• The input:
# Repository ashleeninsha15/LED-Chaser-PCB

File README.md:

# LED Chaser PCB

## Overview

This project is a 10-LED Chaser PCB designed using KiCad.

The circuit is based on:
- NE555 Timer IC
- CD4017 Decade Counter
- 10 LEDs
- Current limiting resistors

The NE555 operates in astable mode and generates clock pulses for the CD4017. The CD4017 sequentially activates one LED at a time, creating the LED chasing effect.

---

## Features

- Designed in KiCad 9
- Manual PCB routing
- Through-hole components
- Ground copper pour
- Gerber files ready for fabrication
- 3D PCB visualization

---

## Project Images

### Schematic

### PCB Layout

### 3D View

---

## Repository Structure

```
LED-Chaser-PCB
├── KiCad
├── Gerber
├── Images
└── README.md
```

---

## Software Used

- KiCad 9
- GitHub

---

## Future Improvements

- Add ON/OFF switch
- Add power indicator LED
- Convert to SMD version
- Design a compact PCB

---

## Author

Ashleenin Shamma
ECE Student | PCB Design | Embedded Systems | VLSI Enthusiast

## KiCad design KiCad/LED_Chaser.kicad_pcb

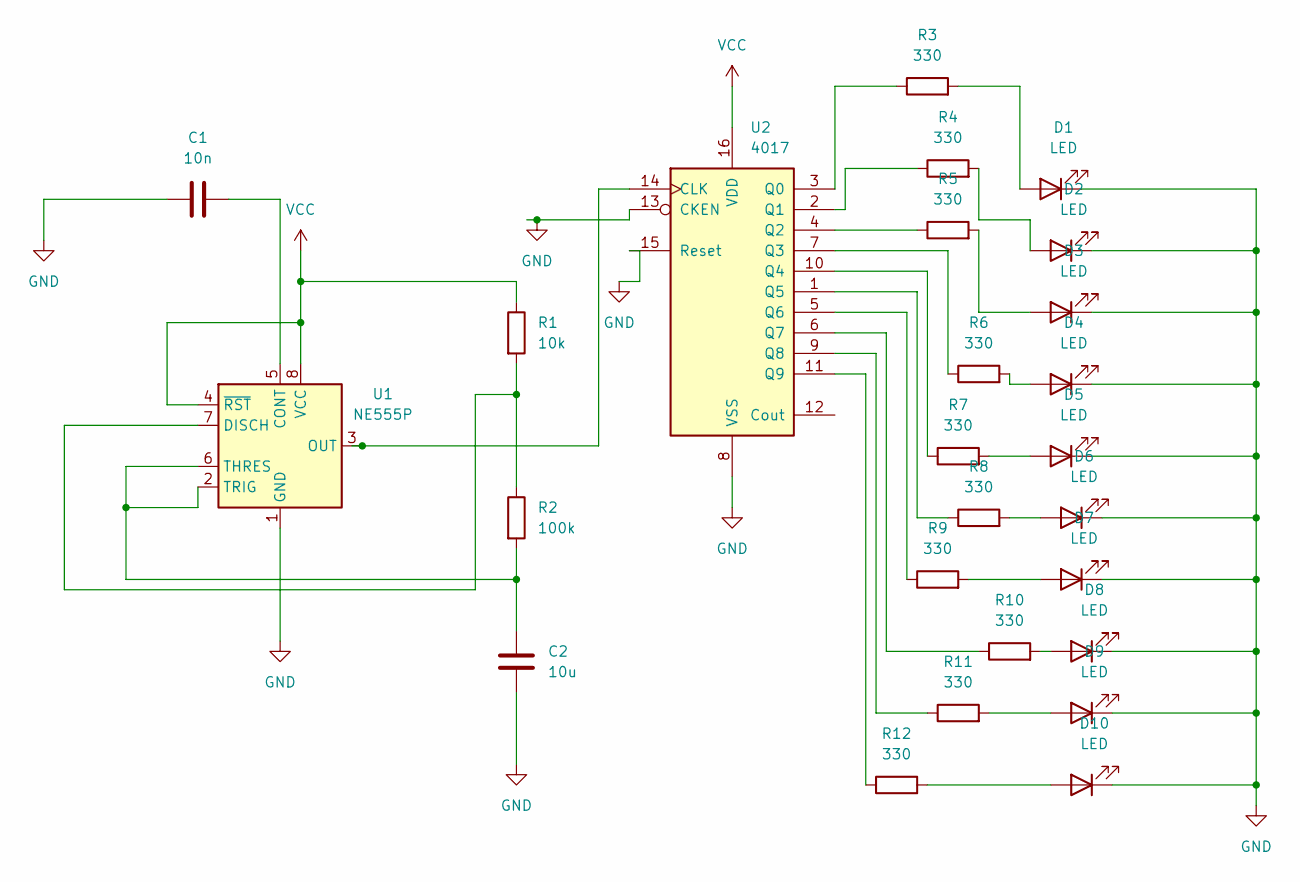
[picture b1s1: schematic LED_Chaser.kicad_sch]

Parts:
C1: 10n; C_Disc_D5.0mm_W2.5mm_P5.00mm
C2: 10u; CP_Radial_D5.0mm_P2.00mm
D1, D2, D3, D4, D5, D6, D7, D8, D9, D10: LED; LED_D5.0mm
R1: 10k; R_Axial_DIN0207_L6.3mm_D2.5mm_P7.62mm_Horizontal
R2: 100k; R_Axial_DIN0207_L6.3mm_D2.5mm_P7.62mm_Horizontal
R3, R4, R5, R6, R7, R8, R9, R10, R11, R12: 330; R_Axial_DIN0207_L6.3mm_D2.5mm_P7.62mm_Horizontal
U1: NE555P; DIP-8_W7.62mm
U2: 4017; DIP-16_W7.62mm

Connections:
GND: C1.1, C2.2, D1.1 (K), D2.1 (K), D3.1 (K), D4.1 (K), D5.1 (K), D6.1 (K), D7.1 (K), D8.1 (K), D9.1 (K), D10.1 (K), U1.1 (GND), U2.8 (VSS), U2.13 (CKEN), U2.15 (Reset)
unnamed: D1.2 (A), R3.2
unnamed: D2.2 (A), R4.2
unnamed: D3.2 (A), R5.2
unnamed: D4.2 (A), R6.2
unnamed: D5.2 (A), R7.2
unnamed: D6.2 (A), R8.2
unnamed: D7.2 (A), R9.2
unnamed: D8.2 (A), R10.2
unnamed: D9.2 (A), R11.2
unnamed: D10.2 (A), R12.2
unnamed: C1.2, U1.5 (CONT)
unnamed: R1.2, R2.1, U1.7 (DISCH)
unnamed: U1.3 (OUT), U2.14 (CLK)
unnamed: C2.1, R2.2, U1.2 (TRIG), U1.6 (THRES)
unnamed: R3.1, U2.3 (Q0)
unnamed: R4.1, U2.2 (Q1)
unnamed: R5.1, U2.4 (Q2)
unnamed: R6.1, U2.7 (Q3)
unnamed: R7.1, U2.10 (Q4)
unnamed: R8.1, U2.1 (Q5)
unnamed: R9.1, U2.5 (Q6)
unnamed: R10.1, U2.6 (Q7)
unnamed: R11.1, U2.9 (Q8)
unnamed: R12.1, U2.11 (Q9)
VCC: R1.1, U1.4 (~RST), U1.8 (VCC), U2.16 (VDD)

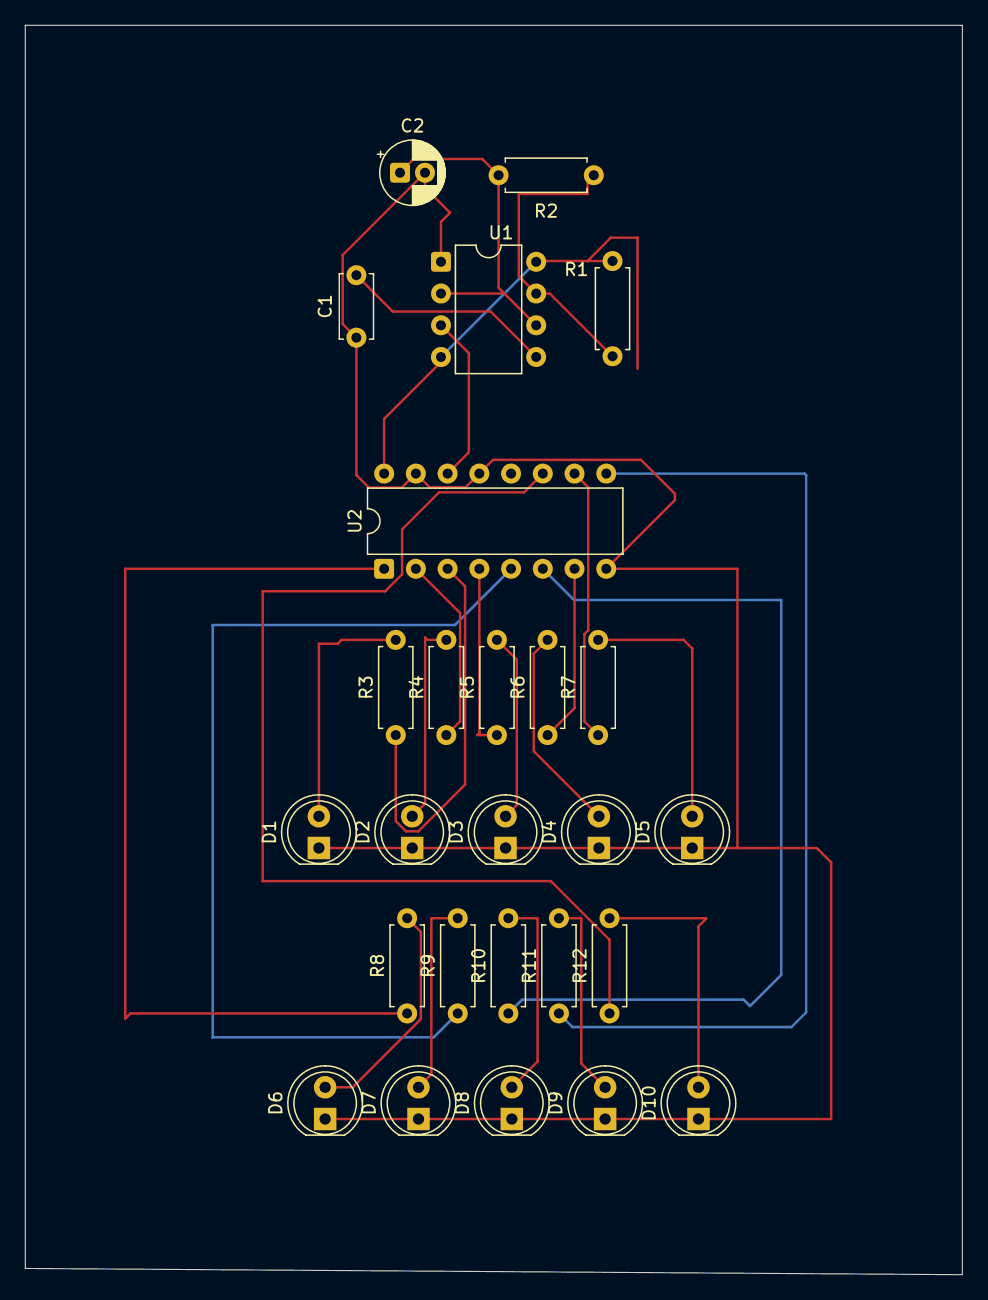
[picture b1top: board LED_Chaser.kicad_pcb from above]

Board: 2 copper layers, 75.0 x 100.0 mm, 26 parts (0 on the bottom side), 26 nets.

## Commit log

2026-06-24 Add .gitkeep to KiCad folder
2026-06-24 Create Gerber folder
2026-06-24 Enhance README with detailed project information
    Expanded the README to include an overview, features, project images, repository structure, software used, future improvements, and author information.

• The problem: The expected output is each line of the records above that includes the word "README".

• Task output:
File README.md:
└── README.md
2026-06-24 Enhance README with detailed project information
    Expanded the README to include an overview, features, project images, repository structure, software used, future improvements, and author information.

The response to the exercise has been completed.